“第一,即刻分区。
整个南城分为轻症区,重症区,无症区三块。三区域之间不能互通,也不允许亲人之间互相探望,近身接触。
“第二,全面消毒。
所有街巷住宅每日都要撒生石灰,病患用过的碗筷衣物,都要用沸水蒸煮半个小时后才能使用,从今日起包括各位在内,所有人都只能喝烧开的水,不许喝生水喝井水,但凡有人违背我的规定,我便将他们赶出南城,在外生死不论。”
“第三,尸体一律火葬。
所有病逝者统一由人负责火葬,骨灰收敛到南城义庄,绝对不允许百姓将他们的尸体私自带走,违者跟上面一样。”

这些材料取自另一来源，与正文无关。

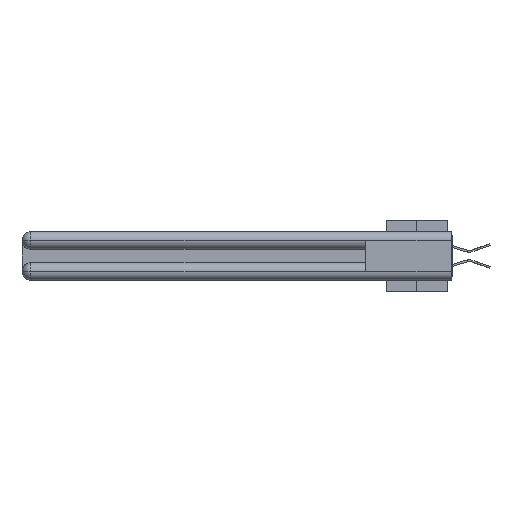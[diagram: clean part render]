
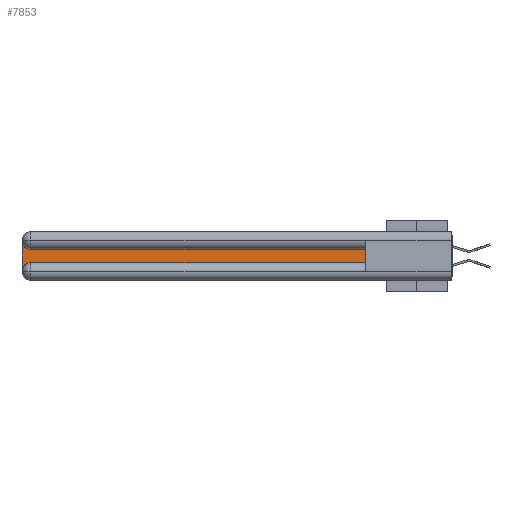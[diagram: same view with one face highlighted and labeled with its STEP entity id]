
A CAD part, left-side view. The second image highlights one B-rep face of the part: STEP entity #7853.
In plain terms, the highlighted planar face has unit normal (-1, 0, 0).
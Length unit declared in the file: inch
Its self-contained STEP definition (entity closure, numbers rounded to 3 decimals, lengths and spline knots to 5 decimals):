
#279 = CIRCLE ( 'NONE', #29282, 0.06 ) ;
#3355 = ORIENTED_EDGE ( 'NONE', *, *, #14747, .T. ) ;
#4746 = VERTEX_POINT ( 'NONE', #19957 ) ;
#5345 = DIRECTION ( 'NONE',  ( 1., 0., 0. ) ) ;
#5582 = DIRECTION ( 'NONE',  ( 1., 0., 0. ) ) ;
#6162 = DIRECTION ( 'NONE',  ( 0., 0., -1. ) ) ;
#7853 = ADVANCED_FACE ( 'NONE', ( #26865 ), #9537, .F. ) ;
#8159 = LINE ( 'NONE', #20445, #11289 ) ;
#8455 = VECTOR ( 'NONE', #41092, 39.37008 ) ;
#9227 = CARTESIAN_POINT ( 'NONE',  ( 0.075, 2.94, -0.0625 ) ) ;
#9537 = PLANE ( 'NONE',  #34427 ) ;
#10159 = ORIENTED_EDGE ( 'NONE', *, *, #33445, .T. ) ;
#11284 = ORIENTED_EDGE ( 'NONE', *, *, #36306, .T. ) ;
#11289 = VECTOR ( 'NONE', #27261, 39.37008 ) ;
#12147 = DIRECTION ( 'NONE',  ( 0., 0., -1. ) ) ;
#12162 = VERTEX_POINT ( 'NONE', #42008 ) ;
#13904 = ORIENTED_EDGE ( 'NONE', *, *, #27883, .T. ) ;
#14420 = CARTESIAN_POINT ( 'NONE',  ( 0.075, 3., -0.0625 ) ) ;
#14747 = EDGE_CURVE ( 'NONE', #4746, #12162, #8159, .T. ) ;
#14840 = VERTEX_POINT ( 'NONE', #21460 ) ;
#15542 = VERTEX_POINT ( 'NONE', #27649 ) ;
#16198 = LINE ( 'NONE', #24326, #8455 ) ;
#16309 = VECTOR ( 'NONE', #12147, 39.37008 ) ;
#19183 = CARTESIAN_POINT ( 'NONE',  ( 0.075, 3., -0.2775 ) ) ;
#19957 = CARTESIAN_POINT ( 'NONE',  ( 0.075, 0.6, -0.2175 ) ) ;
#20156 = DIRECTION ( 'NONE',  ( 0., 1., 0. ) ) ;
#20445 = CARTESIAN_POINT ( 'NONE',  ( 0.075, 0.6, -0.2175 ) ) ;
#21460 = CARTESIAN_POINT ( 'NONE',  ( 0.075, 2.94, -0.1225 ) ) ;
#23095 = CARTESIAN_POINT ( 'NONE',  ( 0.075, 3., -0.1225 ) ) ;
#23824 = DIRECTION ( 'NONE',  ( 1., 0., 0. ) ) ;
#23934 = CARTESIAN_POINT ( 'NONE',  ( 0.075, 0.6, -0.1225 ) ) ;
#24326 = CARTESIAN_POINT ( 'NONE',  ( 0.075, 0.6, -0.2175 ) ) ;
#25460 = EDGE_CURVE ( 'NONE', #35783, #15542, #279, .T. ) ;
#26865 = FACE_OUTER_BOUND ( 'NONE', #32258, .T. ) ;
#27030 = VECTOR ( 'NONE', #20156, 39.37008 ) ;
#27261 = DIRECTION ( 'NONE',  ( 0., 0., 1. ) ) ;
#27649 = CARTESIAN_POINT ( 'NONE',  ( 0.075, 2.94, -0.2175 ) ) ;
#27883 = EDGE_CURVE ( 'NONE', #42156, #35783, #42861, .T. ) ;
#28500 = DIRECTION ( 'NONE',  ( 0., 0., -1. ) ) ;
#28517 = CARTESIAN_POINT ( 'NONE',  ( 0.075, 3., -0.2175 ) ) ;
#28745 = CARTESIAN_POINT ( 'NONE',  ( 0.075, 2.94, -0.2775 ) ) ;
#29282 = AXIS2_PLACEMENT_3D ( 'NONE', #28745, #5582, #31559 ) ;
#29914 = EDGE_CURVE ( 'NONE', #12162, #14840, #40597, .T. ) ;
#31559 = DIRECTION ( 'NONE',  ( 0., 0., -1. ) ) ;
#31988 = CIRCLE ( 'NONE', #34290, 0.06 ) ;
#32258 = EDGE_LOOP ( 'NONE', ( #40253, #11284, #13904, #40273, #10159, #3355 ) ) ;
#33445 = EDGE_CURVE ( 'NONE', #15542, #4746, #16198, .T. ) ;
#34290 = AXIS2_PLACEMENT_3D ( 'NONE', #9227, #5345, #28500 ) ;
#34427 = AXIS2_PLACEMENT_3D ( 'NONE', #23095, #23824, #6162 ) ;
#35783 = VERTEX_POINT ( 'NONE', #19183 ) ;
#36306 = EDGE_CURVE ( 'NONE', #14840, #42156, #31988, .T. ) ;
#40253 = ORIENTED_EDGE ( 'NONE', *, *, #29914, .T. ) ;
#40273 = ORIENTED_EDGE ( 'NONE', *, *, #25460, .T. ) ;
#40597 = LINE ( 'NONE', #23934, #27030 ) ;
#41092 = DIRECTION ( 'NONE',  ( 0., -1., 0. ) ) ;
#42008 = CARTESIAN_POINT ( 'NONE',  ( 0.075, 0.6, -0.1225 ) ) ;
#42156 = VERTEX_POINT ( 'NONE', #14420 ) ;
#42861 = LINE ( 'NONE', #28517, #16309 ) ;

她说完三条律令,下面的人瞠目结舌,都以为自己耳朵出了问题。
一个头发和胡子都白了的老差役率先跳了出来,他梗着脖子嚷嚷。
“怎么能够根据病症的不同就将一家人分开?要是病重的人死了,他们岂非连最后一面都见不到?”
这女子用心也太险恶了吧,而且还给他们分配了那么多活,他们虽然命苦被安排到南城,但之前是不用日日和病患接触的。
众人早就散漫惯了,听到有人带头立刻附和。
“就是,我可从没听过撒石灰对治疗疫症有用,莫非是城外卖石灰的是你亲戚,你想要给他找生意吧?”
什么撒石灰煮东西,在他们看来都是无稽之谈!
人群中有几个仆从的亲眷患病,他们一听说尸体要火化,激动得眼睛都瞪红了!
“怎么能火化呢?挫骨扬灰是对尸体的大不敬,不管怎样他们都要入土为安呀!”
“一个妇道人家能成什么事儿?我看事情还是要交给周大人处理,你可别在这里指手画脚了。”
众人纷纷表达自己的不满,蓝徽音看着这般乱哄哄的景象,她脸上没有丝毫慌色。
都是意料之中的抵触,这些差役既愚昧又懒惰,想要将他们的思想扳回来确实有些麻烦。
但现在自己手中握有权力,她目光移向周年,后者会意地冷下脸色,看着众人厉声开口。
“吵什么?我说了柳娘子是我专程请来的人,她的意思就是我的意思,谁敢聚众闹事抗命不遵,别怪我对你们不客气!”
众人都知道这位周大人出身高贵,在京城亦有人脉,他们惹不起他,只能讪讪地听从命令。
只是这三条指令还没来得及告诉南城所有百姓,当天下午就有值守的差役匆匆来报。
说西巷一户人家悄悄将他们已经搬上牛车的尸身偷了出去,拒不火葬。
听到这事的蓝徽音正在核对今日新增的病患名册,她执笔的动作微顿。
她一直想找个机会立威,既要让百姓们知道自己是真的来帮他们的,也要让他们知道自己的命令不能违背。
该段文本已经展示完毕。